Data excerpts
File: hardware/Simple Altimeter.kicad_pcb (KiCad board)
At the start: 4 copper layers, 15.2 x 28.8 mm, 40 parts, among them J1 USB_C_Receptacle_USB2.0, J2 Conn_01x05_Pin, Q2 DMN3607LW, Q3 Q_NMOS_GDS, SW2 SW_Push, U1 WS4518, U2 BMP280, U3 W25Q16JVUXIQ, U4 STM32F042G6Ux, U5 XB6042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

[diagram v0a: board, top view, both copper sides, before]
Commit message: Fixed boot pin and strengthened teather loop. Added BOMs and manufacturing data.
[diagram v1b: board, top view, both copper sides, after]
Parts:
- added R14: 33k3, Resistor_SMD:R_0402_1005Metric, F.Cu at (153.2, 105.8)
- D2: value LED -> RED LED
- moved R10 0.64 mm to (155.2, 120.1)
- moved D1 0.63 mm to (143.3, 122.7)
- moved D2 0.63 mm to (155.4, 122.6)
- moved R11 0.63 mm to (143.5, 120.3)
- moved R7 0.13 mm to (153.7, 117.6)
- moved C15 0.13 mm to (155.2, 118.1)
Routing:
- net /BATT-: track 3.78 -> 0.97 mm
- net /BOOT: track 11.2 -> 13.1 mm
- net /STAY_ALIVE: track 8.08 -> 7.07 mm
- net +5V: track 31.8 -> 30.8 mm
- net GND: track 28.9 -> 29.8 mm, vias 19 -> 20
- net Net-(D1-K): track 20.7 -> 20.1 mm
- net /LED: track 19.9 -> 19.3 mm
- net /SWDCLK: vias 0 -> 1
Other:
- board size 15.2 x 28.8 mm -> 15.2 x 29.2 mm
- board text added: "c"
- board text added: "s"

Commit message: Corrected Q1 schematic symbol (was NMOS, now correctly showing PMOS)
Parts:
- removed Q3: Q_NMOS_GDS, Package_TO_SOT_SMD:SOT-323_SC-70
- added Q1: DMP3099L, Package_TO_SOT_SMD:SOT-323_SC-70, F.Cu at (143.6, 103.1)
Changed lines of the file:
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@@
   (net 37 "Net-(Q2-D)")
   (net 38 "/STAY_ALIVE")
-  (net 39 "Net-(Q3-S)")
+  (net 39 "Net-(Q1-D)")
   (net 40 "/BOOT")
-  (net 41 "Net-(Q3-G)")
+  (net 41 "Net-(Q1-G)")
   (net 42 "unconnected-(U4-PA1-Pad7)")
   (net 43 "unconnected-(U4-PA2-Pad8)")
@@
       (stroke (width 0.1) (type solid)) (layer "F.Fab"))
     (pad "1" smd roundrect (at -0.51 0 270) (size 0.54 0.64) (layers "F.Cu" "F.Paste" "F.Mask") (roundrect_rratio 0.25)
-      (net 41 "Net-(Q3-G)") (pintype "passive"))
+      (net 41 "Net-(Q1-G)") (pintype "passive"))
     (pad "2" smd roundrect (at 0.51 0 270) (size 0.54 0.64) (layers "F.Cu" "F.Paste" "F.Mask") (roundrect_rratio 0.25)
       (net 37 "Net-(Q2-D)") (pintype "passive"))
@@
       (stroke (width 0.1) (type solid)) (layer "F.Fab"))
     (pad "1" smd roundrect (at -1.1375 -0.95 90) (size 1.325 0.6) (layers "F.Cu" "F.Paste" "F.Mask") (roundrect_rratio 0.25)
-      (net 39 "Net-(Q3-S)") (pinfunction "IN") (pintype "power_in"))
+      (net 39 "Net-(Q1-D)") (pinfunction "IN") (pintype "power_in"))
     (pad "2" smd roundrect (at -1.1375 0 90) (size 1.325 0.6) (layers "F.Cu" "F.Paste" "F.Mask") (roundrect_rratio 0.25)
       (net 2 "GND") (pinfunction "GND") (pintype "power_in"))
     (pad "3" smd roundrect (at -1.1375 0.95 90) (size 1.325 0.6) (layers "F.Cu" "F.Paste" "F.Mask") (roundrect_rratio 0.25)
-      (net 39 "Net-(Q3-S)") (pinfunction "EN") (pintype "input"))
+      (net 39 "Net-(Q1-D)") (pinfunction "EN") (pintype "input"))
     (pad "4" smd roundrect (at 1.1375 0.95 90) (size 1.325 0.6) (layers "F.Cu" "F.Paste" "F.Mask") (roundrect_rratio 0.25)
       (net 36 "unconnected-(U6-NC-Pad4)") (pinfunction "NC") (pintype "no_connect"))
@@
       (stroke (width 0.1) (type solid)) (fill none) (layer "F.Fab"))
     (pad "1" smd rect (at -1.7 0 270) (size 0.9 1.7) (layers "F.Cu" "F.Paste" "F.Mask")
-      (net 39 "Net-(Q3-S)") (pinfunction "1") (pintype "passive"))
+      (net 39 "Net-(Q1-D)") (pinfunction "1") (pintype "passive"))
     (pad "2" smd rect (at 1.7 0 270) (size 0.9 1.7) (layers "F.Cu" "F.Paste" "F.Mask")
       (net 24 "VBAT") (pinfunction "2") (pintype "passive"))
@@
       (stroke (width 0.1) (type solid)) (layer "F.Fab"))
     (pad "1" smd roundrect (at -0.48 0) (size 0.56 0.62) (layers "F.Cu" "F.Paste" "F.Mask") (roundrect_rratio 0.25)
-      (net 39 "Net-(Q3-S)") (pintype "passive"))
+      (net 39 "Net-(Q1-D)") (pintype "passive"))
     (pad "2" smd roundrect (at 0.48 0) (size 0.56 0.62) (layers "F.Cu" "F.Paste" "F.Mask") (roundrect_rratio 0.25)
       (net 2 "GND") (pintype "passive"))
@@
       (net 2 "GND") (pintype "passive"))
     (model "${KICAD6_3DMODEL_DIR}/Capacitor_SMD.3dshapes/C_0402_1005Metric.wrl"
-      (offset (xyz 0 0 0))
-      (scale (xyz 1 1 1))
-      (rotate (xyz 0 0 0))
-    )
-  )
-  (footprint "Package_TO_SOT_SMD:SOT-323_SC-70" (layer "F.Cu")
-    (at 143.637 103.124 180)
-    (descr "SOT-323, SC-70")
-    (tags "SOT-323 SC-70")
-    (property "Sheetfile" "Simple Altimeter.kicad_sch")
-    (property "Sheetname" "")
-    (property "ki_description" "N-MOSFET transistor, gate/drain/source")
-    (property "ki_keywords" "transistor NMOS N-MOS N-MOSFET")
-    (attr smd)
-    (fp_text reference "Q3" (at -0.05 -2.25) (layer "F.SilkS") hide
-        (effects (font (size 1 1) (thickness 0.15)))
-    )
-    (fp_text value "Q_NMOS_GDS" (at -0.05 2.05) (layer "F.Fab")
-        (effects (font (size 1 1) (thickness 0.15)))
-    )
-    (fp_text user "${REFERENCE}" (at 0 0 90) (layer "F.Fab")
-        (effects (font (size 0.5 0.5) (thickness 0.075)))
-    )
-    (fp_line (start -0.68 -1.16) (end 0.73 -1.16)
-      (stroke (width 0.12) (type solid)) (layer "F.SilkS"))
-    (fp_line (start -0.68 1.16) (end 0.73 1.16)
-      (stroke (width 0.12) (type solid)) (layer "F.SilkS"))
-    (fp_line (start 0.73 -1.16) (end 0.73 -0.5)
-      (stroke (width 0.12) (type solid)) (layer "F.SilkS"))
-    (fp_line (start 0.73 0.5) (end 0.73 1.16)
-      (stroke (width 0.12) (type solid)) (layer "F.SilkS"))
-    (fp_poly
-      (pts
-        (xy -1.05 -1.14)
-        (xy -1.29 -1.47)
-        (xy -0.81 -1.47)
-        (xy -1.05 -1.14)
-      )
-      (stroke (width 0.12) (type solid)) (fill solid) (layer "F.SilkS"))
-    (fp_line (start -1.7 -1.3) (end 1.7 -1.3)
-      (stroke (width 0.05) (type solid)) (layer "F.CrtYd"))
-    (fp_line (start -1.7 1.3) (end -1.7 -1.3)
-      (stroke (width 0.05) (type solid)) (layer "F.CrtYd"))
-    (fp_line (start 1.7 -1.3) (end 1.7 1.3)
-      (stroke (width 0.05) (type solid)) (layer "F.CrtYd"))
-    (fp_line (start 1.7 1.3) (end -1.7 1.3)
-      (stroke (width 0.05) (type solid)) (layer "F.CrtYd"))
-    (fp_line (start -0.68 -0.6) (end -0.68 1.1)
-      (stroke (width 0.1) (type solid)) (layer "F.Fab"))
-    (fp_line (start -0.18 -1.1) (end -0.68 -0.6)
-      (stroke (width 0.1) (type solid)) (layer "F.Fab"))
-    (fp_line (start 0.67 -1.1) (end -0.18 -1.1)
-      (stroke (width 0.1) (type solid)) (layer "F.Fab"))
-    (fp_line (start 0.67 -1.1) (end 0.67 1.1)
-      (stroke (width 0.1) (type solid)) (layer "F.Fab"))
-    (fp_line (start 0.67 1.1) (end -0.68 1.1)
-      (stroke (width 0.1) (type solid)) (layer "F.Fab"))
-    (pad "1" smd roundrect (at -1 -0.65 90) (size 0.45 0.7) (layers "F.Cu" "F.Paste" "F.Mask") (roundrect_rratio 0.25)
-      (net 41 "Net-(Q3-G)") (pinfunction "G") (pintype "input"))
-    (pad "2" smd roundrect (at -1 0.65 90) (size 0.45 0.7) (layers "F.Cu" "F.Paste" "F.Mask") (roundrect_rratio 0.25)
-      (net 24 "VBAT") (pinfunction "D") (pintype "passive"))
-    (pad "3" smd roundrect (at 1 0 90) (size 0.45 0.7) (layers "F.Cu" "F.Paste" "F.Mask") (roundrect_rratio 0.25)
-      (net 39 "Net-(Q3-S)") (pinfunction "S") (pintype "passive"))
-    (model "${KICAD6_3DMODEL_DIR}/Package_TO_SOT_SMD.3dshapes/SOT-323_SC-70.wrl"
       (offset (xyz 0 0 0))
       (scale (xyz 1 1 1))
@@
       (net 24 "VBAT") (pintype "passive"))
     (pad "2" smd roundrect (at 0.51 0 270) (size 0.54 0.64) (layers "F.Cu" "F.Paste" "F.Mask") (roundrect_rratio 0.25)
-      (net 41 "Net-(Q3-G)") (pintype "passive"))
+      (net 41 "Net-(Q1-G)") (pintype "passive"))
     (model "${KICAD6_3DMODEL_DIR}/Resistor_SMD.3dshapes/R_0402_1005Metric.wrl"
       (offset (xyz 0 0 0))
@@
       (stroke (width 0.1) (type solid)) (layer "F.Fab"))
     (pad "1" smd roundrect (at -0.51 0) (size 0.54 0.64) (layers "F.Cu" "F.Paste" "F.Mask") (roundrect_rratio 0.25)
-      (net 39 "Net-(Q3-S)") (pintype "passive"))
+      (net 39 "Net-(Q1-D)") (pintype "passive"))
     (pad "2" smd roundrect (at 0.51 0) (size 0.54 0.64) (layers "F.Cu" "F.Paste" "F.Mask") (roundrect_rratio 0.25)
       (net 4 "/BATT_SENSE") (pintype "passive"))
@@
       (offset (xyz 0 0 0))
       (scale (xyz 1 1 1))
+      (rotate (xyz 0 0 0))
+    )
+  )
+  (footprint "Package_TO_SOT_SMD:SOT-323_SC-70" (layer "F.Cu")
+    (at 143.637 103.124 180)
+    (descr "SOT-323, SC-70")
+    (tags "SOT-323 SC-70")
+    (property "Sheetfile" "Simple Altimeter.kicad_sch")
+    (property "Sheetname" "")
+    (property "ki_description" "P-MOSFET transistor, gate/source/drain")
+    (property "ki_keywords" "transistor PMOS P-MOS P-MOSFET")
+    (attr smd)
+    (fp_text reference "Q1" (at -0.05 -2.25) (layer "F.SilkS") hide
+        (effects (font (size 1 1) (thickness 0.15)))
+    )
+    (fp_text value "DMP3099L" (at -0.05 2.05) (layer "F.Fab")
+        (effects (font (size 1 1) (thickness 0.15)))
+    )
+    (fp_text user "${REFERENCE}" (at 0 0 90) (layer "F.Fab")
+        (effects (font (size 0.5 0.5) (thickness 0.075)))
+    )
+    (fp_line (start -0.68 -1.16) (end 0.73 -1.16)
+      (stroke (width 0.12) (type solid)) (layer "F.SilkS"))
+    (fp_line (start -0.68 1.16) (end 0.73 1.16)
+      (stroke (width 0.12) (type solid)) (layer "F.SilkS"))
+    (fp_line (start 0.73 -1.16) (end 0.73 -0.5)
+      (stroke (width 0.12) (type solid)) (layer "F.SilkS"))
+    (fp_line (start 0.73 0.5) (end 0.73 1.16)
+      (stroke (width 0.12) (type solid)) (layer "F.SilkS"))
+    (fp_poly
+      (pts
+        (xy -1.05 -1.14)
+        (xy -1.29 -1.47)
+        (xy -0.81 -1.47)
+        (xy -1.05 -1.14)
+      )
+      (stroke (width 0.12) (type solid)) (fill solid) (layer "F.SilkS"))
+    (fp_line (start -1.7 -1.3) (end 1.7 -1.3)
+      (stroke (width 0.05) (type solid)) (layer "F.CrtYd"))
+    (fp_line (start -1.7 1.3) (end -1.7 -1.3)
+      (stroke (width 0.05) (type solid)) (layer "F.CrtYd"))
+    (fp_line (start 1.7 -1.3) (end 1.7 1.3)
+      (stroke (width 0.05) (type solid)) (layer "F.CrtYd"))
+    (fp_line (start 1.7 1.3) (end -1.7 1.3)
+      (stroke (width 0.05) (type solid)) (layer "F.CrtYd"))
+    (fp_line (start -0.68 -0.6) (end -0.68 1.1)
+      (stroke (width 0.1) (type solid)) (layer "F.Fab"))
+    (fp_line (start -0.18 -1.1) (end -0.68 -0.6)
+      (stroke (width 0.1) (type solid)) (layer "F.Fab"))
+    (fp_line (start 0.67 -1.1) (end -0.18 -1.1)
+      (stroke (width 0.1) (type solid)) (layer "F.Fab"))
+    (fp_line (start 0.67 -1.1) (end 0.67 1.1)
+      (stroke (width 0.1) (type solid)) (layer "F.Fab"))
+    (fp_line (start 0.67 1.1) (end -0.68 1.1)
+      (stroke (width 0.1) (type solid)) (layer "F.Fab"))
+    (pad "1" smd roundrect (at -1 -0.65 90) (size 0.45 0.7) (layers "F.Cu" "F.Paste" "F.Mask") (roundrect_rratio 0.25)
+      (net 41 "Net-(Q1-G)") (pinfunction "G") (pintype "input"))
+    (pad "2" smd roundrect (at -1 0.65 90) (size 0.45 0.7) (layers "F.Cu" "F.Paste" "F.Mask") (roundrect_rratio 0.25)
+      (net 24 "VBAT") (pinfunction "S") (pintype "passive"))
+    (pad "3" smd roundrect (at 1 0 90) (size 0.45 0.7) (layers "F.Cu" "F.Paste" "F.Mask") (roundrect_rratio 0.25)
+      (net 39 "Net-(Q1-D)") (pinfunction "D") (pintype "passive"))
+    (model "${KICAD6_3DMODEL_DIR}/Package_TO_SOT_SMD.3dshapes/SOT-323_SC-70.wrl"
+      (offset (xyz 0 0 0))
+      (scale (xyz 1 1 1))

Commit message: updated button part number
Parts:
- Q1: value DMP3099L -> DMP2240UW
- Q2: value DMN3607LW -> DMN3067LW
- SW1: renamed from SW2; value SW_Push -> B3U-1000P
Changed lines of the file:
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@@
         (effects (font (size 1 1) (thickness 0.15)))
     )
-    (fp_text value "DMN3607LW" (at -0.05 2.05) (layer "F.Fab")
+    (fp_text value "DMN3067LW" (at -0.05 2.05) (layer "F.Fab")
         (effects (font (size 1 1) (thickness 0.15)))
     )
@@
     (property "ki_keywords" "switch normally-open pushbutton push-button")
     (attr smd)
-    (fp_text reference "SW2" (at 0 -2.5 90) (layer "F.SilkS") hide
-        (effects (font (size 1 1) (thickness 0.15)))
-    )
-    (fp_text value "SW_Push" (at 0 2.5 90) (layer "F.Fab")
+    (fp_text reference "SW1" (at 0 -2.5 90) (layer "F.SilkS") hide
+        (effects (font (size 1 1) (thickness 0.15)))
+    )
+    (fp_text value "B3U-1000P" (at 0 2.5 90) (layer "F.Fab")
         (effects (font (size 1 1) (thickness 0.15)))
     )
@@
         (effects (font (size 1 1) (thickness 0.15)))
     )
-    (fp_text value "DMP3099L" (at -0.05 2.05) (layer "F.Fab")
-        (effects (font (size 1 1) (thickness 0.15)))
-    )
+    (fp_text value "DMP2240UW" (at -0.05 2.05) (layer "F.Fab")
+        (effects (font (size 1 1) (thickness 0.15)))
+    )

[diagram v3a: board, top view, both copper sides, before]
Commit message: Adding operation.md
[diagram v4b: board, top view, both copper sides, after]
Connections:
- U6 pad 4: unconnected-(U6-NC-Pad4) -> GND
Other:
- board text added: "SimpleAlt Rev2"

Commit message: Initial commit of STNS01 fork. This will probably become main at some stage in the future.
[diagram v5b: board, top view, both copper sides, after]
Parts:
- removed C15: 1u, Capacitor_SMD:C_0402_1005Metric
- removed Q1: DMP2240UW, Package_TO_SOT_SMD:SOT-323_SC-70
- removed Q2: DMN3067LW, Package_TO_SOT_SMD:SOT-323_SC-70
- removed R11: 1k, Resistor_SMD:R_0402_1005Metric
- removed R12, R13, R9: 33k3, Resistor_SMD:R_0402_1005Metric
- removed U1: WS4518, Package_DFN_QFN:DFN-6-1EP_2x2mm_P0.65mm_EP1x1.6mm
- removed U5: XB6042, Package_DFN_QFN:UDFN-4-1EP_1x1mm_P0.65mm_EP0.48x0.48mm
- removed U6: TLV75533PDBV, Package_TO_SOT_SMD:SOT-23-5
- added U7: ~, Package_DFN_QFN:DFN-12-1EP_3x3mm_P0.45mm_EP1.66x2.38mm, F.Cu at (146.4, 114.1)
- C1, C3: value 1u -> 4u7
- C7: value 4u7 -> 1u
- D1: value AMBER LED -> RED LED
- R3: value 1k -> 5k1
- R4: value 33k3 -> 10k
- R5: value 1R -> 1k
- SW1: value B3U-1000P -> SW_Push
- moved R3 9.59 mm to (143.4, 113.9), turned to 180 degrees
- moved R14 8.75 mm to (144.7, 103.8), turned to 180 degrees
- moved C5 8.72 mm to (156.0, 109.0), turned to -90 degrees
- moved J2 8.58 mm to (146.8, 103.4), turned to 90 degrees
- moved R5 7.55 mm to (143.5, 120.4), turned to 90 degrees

| WHAT THE TASK ASKS |
A complete answer reproduces every line of the records in which the word "input" occurs.

| OUTPUT FOR THIS TASK |
-      (net 39 "Net-(Q3-S)") (pinfunction "EN") (pintype "input"))
+      (net 39 "Net-(Q1-D)") (pinfunction "EN") (pintype "input"))
-      (net 41 "Net-(Q3-G)") (pinfunction "G") (pintype "input"))
+      (net 41 "Net-(Q1-G)") (pinfunction "G") (pintype "input"))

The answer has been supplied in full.